On a small scale, Macrina suggested that every librarian make time to assess the library’s resources, think about who might compromise it, and imagine what could be done to protect it. In addition to the previously mentioned Tor and DuckDuckGo, she mentioned several solutions that can be easily implemented: the EFF’s HTTPS Everywhere extension, which automatically provides secure authentication for every site used in a system; Textsecure, which encrypts text messages; Signal, which encrypts phone calls on Android devices; the password management utility KeePassX; and Tails, a flash drive–based Linux browser that anonymizes all data.

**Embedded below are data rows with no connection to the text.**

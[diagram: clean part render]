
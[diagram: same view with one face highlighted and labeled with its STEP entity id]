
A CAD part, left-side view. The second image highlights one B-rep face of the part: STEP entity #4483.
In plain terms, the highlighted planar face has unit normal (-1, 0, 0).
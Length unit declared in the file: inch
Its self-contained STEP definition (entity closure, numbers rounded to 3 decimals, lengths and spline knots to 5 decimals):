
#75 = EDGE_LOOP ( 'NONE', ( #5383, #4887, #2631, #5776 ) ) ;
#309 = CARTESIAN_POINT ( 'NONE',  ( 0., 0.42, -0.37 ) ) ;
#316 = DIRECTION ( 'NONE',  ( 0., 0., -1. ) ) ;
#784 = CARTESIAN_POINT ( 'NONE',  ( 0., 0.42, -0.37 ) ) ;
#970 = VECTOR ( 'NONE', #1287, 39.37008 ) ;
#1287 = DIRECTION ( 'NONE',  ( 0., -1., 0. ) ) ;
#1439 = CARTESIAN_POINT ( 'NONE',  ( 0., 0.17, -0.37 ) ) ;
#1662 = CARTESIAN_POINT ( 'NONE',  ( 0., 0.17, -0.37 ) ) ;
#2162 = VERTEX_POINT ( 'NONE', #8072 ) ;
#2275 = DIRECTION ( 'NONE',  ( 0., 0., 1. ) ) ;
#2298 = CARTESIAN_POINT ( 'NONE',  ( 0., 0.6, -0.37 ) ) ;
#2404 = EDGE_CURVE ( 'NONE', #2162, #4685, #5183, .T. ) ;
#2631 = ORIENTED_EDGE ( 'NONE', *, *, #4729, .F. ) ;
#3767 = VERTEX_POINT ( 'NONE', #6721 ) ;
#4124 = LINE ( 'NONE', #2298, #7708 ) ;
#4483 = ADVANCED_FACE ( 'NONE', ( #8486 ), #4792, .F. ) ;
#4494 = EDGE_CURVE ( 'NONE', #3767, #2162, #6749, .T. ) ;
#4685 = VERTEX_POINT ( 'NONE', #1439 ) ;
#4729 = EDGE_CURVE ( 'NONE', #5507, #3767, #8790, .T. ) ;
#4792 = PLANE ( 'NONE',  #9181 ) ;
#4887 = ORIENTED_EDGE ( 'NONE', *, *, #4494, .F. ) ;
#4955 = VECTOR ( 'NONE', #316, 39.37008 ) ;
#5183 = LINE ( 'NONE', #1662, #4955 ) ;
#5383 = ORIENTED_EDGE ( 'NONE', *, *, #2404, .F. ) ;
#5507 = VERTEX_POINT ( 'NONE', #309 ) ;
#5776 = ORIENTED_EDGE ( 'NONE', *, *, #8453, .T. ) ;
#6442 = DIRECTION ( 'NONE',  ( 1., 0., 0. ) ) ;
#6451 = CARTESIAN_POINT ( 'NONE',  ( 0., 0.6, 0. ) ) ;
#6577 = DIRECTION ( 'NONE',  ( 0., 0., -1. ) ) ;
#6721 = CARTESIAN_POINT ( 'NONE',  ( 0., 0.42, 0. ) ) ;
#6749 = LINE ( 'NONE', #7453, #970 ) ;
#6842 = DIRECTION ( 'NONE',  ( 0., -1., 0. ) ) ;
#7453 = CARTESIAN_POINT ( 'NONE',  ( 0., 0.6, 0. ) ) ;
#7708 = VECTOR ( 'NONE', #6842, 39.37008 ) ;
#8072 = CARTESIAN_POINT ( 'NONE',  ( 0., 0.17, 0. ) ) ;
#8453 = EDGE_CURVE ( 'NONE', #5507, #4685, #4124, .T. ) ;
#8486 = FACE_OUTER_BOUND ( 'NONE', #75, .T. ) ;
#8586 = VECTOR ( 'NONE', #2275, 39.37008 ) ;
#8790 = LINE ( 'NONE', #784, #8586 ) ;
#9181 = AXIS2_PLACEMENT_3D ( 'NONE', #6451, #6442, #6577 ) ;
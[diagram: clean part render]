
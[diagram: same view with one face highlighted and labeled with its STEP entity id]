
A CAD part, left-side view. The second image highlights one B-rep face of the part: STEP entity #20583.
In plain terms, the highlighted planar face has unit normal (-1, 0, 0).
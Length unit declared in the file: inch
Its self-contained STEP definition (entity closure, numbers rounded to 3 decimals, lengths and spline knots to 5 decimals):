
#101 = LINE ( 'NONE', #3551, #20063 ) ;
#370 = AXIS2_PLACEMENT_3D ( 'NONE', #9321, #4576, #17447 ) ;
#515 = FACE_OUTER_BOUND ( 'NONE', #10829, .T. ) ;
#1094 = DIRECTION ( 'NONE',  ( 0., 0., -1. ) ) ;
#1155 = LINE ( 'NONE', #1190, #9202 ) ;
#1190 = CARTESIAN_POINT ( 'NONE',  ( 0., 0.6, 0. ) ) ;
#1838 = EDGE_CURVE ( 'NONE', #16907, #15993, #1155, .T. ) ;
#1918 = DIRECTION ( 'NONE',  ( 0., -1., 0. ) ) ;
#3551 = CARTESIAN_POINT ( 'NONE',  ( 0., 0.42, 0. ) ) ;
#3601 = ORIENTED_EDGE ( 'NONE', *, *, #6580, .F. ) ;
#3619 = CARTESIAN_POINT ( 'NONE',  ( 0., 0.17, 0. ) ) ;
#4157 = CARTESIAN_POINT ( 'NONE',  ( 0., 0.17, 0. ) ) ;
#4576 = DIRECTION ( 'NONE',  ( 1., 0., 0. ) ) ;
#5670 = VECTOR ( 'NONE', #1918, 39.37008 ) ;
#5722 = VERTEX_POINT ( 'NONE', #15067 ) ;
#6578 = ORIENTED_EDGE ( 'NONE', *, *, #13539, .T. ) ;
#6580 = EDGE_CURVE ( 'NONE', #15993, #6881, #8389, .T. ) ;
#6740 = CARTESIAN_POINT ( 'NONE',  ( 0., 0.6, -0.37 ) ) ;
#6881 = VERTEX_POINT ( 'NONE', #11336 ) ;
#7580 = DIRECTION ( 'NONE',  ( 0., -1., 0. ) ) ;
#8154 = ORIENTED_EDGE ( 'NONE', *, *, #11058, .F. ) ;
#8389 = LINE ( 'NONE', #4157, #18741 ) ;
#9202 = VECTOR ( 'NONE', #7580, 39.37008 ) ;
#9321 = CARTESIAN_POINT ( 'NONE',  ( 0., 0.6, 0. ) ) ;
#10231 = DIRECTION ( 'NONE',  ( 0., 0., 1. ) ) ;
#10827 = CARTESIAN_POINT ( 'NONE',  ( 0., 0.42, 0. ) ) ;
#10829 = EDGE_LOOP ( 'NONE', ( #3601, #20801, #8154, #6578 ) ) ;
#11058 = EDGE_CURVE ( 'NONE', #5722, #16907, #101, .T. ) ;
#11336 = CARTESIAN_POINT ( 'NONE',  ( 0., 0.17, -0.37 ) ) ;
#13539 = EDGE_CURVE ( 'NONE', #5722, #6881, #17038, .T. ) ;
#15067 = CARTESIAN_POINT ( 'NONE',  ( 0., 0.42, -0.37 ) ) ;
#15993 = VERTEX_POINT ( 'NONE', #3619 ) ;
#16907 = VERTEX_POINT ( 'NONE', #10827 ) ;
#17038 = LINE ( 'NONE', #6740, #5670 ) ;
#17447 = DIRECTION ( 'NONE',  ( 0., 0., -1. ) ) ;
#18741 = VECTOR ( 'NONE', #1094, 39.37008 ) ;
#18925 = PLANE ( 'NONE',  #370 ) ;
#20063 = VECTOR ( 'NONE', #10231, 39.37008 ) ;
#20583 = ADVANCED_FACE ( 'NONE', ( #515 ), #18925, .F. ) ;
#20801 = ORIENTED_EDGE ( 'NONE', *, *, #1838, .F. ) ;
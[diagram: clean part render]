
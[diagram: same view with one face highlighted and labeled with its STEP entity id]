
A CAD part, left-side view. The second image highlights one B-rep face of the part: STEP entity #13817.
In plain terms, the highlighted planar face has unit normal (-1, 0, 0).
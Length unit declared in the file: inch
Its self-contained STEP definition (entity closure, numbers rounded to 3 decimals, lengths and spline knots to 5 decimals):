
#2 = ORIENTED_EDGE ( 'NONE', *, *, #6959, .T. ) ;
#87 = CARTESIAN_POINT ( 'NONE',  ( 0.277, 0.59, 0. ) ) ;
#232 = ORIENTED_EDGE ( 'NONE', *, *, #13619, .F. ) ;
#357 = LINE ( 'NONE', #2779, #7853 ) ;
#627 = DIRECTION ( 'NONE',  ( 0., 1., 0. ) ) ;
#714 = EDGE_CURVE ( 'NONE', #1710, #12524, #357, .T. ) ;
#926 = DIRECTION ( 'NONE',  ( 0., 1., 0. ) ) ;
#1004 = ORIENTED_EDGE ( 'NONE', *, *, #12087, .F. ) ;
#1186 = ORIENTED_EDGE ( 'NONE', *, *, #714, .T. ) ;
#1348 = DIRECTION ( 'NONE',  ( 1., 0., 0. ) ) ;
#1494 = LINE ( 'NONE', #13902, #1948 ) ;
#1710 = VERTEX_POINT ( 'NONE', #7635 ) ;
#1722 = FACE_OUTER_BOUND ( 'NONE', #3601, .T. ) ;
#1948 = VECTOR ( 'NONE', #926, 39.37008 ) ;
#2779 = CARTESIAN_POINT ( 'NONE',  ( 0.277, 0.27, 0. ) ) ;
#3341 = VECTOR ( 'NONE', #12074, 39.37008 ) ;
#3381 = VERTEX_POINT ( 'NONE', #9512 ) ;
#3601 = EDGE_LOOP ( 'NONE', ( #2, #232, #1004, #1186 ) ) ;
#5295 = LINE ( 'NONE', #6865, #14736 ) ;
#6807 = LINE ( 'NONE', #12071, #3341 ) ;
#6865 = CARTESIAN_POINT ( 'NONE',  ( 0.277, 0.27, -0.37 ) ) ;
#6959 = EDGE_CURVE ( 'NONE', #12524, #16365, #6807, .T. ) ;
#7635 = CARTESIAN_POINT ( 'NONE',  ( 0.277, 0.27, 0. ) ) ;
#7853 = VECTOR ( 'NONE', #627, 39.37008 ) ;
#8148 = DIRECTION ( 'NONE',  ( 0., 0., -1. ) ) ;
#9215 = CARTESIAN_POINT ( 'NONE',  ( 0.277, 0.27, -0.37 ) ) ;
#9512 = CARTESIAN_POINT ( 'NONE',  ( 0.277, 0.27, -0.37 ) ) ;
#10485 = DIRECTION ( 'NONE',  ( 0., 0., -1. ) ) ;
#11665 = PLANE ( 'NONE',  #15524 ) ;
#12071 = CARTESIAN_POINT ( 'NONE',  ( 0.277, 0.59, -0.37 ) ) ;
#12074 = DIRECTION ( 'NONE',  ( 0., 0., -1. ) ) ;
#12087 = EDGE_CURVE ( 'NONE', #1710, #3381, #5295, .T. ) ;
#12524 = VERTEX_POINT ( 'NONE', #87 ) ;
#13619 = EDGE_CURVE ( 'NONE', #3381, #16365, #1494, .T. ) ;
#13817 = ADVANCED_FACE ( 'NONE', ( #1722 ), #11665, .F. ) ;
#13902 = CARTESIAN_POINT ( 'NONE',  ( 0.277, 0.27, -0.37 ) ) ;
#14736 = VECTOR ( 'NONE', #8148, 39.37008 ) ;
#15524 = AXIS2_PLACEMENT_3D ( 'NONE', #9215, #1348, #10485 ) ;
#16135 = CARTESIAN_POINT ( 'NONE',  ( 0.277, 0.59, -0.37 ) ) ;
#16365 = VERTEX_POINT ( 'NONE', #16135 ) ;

However, Macrina also teaches simpler versions of her tech-heavy defense at LFP for those who might find it a barrier. That way, she said, “At least you know about the law. At least you know what some of those programs are,” adding that there’s no reason why an Introduction to the Internet library class can’t use DuckDuckGo. And she will be conducting a workshop on Digital Privacy and Security: Keeping You and Your Library Safe and Secure in a Post-Snowden World at ALA’s Annual Conference in June.

Macrina acknowledges that her paranoia levels have increased along with her involvement in privacy issues, but feels that her cause—and her chance to encourage a privacy-literate population—is worth the worry. As librarians, she said in summation, we have the ability to “make privacy protection tools ubiquitous and mainstream.”